* What the exercise asks
Each line from the beginning of the entries below through the line that includes "for name, color, linetype" must be returned exactly as given.

Stored entries
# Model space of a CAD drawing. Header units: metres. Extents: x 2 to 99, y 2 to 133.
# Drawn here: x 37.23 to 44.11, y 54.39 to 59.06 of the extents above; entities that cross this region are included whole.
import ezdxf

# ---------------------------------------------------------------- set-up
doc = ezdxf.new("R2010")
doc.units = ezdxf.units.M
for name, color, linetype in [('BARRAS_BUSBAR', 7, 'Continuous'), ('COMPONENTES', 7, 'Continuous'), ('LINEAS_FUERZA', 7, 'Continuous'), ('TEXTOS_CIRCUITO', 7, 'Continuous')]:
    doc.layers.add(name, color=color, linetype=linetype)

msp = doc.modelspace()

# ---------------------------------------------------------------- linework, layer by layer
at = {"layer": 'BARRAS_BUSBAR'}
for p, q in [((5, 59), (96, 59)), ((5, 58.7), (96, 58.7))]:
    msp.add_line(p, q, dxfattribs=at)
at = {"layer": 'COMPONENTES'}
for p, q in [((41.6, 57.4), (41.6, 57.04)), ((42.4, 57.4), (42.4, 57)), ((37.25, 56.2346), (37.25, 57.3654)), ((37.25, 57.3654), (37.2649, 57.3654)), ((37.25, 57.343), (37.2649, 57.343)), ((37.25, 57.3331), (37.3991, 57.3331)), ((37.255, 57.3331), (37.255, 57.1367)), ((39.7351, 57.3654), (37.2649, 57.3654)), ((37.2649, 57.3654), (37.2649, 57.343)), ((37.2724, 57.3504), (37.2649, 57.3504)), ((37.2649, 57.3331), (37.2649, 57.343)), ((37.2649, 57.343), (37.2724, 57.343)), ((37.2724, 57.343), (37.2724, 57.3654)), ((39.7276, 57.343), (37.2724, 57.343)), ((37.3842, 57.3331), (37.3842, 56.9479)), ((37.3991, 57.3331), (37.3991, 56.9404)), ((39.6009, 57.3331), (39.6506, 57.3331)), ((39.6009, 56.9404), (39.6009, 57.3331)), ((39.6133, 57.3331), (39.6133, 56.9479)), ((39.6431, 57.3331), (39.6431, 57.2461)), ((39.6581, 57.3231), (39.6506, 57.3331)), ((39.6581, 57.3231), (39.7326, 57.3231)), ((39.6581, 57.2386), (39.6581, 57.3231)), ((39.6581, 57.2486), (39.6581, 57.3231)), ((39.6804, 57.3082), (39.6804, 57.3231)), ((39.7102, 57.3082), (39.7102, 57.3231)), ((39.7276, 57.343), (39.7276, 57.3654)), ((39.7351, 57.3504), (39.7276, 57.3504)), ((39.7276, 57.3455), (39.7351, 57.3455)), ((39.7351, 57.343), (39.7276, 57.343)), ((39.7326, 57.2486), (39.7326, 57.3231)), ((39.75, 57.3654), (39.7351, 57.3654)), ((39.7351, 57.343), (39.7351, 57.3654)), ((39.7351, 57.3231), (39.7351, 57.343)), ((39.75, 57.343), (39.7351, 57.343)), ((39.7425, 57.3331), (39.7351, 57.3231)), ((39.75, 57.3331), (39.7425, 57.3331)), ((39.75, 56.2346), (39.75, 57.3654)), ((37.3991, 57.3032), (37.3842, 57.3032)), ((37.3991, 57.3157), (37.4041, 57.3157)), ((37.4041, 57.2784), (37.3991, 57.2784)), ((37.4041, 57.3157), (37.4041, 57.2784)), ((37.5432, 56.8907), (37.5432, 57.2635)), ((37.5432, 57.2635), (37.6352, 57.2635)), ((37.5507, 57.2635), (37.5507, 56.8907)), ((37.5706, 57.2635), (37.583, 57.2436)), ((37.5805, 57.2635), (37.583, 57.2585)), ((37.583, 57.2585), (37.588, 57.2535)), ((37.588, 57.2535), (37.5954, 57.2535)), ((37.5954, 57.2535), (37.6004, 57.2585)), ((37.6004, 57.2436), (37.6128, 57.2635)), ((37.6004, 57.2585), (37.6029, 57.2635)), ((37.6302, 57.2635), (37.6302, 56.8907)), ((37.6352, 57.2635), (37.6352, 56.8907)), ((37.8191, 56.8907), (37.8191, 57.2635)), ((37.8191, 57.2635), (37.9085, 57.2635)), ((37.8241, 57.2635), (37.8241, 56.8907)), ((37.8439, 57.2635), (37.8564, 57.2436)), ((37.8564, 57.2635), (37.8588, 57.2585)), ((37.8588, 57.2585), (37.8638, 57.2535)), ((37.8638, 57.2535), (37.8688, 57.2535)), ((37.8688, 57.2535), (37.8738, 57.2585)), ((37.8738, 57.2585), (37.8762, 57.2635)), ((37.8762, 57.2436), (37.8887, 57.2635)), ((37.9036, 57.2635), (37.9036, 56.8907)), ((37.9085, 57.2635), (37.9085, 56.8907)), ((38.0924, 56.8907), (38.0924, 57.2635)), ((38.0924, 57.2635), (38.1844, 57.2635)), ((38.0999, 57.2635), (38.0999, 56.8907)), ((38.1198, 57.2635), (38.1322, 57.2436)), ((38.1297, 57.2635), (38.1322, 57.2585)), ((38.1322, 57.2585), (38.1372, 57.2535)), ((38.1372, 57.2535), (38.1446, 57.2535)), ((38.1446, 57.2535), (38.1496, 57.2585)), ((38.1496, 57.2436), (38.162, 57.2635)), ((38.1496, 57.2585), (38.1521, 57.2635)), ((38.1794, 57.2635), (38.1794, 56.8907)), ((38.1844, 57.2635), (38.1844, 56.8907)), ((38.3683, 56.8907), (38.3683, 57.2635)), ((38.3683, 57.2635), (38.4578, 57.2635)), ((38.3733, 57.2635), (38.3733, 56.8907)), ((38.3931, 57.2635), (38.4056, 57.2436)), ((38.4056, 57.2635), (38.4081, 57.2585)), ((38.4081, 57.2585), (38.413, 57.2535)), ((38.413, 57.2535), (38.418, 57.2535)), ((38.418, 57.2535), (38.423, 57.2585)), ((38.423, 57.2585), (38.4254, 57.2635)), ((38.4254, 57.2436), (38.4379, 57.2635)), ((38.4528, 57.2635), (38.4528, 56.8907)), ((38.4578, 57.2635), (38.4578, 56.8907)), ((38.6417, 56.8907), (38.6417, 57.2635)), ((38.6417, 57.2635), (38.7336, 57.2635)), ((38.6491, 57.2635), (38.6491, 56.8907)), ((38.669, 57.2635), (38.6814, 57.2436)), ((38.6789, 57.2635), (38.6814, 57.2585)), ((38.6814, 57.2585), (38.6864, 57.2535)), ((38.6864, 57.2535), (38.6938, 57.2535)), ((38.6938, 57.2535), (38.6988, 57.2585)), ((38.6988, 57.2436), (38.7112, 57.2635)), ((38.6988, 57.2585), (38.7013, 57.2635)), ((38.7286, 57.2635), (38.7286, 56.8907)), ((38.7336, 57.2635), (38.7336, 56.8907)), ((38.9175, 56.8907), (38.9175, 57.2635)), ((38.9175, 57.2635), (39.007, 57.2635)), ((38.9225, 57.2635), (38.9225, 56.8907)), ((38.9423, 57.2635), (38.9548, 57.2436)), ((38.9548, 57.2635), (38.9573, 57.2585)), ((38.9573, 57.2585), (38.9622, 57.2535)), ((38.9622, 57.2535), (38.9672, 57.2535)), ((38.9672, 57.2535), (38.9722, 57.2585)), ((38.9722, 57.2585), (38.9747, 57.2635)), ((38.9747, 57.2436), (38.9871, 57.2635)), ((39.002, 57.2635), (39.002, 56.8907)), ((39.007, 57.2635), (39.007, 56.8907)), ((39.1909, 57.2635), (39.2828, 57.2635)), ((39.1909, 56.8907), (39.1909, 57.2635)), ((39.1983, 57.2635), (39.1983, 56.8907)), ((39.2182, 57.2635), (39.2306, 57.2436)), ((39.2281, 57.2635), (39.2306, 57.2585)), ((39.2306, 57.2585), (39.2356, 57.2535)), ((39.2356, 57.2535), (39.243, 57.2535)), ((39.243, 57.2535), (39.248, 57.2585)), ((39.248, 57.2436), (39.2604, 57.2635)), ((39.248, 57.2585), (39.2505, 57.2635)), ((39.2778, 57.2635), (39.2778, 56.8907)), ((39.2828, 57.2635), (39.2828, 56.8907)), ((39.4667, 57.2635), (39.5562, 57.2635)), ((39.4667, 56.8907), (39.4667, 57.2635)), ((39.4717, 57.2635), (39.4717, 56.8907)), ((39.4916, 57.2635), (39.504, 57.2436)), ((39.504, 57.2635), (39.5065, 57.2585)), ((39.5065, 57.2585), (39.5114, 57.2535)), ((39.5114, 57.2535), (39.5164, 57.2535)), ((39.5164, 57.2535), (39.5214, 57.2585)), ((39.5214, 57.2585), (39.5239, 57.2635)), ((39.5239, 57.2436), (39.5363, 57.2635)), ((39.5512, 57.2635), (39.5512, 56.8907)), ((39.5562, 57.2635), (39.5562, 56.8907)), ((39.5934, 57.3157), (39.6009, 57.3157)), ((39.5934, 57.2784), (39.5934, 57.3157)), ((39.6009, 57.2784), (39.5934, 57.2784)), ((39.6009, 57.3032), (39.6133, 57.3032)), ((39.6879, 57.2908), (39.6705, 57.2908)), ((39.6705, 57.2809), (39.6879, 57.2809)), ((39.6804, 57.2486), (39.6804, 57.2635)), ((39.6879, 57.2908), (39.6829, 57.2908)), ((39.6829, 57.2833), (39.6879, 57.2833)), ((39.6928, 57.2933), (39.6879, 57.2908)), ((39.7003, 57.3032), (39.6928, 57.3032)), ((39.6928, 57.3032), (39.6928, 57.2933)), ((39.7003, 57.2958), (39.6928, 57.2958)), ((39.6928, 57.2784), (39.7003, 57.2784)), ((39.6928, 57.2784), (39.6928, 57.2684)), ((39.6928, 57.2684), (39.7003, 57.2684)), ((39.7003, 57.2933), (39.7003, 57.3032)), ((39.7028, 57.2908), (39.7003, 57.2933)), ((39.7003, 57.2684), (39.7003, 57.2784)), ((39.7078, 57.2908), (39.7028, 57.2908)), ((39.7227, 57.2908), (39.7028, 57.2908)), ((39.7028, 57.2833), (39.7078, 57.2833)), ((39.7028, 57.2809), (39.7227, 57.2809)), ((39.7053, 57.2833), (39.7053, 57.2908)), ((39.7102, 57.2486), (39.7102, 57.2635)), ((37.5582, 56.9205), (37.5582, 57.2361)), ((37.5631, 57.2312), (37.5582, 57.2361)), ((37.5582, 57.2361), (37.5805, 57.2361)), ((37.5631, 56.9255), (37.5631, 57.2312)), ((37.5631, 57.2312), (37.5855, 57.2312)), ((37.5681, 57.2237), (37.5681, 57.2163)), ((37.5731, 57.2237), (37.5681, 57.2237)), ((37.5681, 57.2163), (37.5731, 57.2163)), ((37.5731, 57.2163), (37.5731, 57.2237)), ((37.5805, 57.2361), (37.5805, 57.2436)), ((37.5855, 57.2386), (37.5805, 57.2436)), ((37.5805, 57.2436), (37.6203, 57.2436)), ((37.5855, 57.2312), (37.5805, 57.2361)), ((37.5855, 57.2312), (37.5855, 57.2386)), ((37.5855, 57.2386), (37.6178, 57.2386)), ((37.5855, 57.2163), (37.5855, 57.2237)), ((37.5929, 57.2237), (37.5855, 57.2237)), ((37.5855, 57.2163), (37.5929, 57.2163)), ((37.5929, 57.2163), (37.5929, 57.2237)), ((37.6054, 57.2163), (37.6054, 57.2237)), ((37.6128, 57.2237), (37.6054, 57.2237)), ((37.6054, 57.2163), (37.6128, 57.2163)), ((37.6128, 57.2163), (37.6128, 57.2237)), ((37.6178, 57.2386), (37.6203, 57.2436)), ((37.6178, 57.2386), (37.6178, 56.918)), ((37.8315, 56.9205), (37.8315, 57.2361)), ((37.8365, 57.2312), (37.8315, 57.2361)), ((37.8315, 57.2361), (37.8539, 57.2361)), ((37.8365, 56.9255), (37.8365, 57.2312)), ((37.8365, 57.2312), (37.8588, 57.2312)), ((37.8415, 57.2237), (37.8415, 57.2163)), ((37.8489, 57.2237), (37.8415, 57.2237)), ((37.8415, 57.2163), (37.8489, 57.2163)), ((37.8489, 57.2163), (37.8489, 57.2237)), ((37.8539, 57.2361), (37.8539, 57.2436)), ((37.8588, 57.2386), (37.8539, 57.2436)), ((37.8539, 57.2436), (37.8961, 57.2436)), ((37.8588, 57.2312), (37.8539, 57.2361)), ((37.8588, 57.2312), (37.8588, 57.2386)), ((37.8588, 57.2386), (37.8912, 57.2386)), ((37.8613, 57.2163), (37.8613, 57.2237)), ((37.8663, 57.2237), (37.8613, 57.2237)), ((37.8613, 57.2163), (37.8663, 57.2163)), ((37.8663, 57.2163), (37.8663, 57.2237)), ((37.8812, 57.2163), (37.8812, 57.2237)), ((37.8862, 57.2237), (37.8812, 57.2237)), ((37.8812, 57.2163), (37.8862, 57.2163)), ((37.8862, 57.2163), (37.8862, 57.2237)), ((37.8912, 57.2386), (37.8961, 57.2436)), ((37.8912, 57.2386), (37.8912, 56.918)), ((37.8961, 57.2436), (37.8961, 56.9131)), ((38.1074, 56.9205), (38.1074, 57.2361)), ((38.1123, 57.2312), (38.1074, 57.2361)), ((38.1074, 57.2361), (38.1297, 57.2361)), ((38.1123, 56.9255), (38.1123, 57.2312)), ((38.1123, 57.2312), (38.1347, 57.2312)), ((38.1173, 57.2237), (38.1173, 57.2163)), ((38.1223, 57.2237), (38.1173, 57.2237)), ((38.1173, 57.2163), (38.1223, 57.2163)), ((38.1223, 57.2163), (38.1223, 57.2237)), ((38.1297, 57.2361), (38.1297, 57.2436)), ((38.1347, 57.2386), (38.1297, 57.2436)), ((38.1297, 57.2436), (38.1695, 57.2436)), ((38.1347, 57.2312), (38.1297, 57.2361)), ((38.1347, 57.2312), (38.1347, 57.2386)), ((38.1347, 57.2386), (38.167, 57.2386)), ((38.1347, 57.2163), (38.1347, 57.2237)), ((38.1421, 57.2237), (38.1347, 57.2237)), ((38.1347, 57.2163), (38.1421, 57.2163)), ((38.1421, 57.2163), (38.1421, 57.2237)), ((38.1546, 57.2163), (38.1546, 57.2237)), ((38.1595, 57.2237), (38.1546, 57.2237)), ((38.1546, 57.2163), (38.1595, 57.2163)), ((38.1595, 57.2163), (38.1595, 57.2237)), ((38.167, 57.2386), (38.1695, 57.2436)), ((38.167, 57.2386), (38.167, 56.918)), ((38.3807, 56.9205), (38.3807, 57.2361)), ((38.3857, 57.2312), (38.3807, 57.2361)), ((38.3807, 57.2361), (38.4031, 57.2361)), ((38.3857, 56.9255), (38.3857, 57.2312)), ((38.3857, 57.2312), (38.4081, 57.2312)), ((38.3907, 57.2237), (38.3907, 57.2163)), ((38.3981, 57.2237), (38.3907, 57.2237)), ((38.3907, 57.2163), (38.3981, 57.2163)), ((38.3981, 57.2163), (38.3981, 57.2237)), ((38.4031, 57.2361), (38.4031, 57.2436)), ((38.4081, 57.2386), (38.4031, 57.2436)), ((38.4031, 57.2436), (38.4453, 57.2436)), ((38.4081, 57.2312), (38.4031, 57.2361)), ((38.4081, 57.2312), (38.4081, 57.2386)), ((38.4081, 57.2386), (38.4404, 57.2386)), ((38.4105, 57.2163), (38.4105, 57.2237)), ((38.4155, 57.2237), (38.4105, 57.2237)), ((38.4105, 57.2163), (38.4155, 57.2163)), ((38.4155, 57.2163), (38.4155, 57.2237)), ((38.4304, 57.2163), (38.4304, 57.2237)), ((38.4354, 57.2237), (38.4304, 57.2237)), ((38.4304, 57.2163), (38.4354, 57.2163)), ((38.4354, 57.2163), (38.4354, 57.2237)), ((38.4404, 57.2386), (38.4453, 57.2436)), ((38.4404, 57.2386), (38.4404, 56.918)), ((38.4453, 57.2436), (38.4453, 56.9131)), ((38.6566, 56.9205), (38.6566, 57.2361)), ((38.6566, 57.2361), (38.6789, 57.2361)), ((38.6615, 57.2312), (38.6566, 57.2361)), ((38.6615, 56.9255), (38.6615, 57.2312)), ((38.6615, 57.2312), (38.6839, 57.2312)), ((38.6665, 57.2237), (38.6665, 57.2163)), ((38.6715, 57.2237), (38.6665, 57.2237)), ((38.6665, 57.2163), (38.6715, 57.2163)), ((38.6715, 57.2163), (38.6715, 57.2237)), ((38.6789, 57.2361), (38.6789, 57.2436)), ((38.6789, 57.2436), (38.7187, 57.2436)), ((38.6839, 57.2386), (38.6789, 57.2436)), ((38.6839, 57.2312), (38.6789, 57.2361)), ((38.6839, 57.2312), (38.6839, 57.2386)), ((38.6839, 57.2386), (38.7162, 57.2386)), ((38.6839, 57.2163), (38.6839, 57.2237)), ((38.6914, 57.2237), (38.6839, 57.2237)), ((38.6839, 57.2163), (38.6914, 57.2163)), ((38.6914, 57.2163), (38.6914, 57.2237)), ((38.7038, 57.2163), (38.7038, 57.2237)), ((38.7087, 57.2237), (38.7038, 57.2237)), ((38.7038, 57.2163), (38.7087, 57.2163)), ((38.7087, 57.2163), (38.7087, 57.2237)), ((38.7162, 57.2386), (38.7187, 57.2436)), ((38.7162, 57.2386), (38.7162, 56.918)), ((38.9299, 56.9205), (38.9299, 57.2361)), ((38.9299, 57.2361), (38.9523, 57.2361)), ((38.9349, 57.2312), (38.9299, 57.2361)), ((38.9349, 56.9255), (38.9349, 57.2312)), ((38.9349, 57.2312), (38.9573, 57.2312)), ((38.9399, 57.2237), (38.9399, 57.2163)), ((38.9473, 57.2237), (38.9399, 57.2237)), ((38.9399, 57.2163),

* Answer section
# Model space of a CAD drawing. Header units: metres. Extents: x 2 to 99, y 2 to 133.
# Drawn here: x 37.23 to 44.11, y 54.39 to 59.06 of the extents above; entities that cross this region are included whole.
import ezdxf

# ---------------------------------------------------------------- set-up
doc = ezdxf.new("R2010")
doc.units = ezdxf.units.M
for name, color, linetype in [('BARRAS_BUSBAR', 7, 'Continuous'), ('COMPONENTES', 7, 'Continuous'), ('LINEAS_FUERZA', 7, 'Continuous'), ('TEXTOS_CIRCUITO', 7, 'Continuous')]:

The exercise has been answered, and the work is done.